__WORK ITEM__
All lines that hold the string "mechanical" should be copied. Find them in the listing below.

__INPUT DATA__

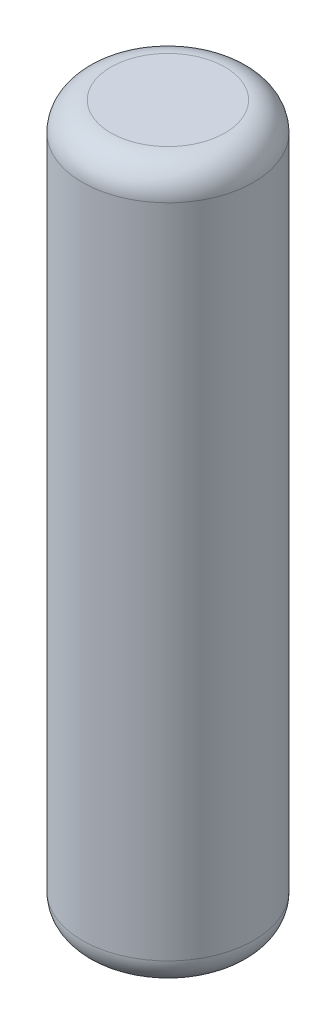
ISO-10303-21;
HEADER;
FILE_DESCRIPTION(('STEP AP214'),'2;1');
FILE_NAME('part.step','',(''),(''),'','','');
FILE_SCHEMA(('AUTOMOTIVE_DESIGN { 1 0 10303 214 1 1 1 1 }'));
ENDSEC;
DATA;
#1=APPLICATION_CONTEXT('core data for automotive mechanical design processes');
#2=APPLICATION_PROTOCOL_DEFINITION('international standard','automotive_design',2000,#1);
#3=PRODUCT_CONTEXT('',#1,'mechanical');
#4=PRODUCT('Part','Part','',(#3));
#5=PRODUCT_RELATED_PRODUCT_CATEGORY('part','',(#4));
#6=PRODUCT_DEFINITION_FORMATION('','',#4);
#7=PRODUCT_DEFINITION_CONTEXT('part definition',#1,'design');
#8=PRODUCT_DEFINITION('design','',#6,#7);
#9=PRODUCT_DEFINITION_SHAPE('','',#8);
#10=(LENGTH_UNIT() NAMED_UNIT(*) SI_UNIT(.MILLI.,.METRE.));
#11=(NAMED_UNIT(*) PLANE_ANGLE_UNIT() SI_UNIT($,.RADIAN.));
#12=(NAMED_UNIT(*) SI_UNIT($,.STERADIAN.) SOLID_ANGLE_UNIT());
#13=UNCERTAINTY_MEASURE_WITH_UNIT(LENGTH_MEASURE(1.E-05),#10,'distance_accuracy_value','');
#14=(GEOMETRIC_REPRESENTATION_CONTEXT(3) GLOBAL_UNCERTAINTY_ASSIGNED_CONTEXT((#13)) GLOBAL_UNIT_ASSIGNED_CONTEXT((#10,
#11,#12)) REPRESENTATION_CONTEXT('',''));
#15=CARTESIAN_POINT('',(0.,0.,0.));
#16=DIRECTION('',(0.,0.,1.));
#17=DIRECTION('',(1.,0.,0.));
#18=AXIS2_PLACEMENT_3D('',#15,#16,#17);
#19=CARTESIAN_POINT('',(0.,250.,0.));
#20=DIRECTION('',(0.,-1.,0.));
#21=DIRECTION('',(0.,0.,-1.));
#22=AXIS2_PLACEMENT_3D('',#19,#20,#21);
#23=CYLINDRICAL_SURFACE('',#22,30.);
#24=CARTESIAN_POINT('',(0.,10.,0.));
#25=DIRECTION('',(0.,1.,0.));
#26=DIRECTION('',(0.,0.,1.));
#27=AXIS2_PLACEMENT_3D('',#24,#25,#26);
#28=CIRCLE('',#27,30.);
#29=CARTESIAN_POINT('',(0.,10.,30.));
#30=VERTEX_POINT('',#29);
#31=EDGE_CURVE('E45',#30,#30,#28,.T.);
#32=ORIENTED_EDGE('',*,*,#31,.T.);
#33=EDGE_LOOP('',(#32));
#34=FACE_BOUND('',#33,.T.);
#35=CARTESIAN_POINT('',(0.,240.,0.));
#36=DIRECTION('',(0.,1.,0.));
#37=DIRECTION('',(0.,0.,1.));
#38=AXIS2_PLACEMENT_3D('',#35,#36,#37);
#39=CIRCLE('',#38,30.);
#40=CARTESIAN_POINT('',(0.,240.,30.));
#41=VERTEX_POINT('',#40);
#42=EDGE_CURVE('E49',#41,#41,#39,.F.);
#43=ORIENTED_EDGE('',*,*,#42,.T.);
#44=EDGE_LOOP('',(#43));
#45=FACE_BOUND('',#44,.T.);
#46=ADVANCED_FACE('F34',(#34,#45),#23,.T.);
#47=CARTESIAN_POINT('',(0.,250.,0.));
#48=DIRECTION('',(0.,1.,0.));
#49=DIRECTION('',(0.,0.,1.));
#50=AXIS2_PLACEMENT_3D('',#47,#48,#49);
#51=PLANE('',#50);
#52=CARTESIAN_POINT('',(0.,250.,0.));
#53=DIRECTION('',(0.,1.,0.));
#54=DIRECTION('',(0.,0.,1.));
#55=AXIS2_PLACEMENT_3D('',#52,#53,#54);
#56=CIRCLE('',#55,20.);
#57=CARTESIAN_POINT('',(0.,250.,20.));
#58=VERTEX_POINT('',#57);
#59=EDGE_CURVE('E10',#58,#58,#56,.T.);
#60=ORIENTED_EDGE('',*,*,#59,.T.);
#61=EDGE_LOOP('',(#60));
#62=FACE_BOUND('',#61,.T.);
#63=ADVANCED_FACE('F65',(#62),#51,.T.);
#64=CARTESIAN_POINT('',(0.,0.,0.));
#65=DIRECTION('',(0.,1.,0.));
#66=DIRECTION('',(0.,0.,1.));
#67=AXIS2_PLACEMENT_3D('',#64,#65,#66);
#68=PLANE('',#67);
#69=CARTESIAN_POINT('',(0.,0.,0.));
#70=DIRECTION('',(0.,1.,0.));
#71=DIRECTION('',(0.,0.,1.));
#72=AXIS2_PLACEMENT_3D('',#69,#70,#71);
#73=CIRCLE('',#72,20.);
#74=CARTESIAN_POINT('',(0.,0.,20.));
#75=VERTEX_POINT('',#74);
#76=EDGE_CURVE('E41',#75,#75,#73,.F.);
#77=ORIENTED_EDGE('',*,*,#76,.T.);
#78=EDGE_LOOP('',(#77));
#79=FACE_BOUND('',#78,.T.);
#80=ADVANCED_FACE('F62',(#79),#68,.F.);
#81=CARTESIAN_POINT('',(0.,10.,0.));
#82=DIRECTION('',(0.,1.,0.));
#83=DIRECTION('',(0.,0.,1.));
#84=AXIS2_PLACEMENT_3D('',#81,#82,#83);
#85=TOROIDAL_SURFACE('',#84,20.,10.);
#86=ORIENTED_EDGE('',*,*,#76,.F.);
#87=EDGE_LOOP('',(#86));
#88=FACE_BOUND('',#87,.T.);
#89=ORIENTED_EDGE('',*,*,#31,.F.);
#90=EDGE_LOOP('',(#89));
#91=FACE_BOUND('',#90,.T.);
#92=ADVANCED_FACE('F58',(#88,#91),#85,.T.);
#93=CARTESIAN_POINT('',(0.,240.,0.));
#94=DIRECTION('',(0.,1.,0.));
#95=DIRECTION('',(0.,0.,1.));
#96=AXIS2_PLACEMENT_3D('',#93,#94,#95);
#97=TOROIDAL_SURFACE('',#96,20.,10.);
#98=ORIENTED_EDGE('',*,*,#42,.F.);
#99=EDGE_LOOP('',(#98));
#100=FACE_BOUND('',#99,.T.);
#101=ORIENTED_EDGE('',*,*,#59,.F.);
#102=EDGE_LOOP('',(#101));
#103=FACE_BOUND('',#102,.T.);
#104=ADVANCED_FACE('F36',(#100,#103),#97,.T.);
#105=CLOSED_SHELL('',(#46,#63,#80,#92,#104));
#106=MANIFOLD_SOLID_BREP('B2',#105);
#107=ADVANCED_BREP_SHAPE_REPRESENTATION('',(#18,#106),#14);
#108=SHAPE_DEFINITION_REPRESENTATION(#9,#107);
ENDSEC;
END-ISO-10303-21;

__YOUR SOLUTION__
#1=APPLICATION_CONTEXT('core data for automotive mechanical design processes');
#3=PRODUCT_CONTEXT('',#1,'mechanical');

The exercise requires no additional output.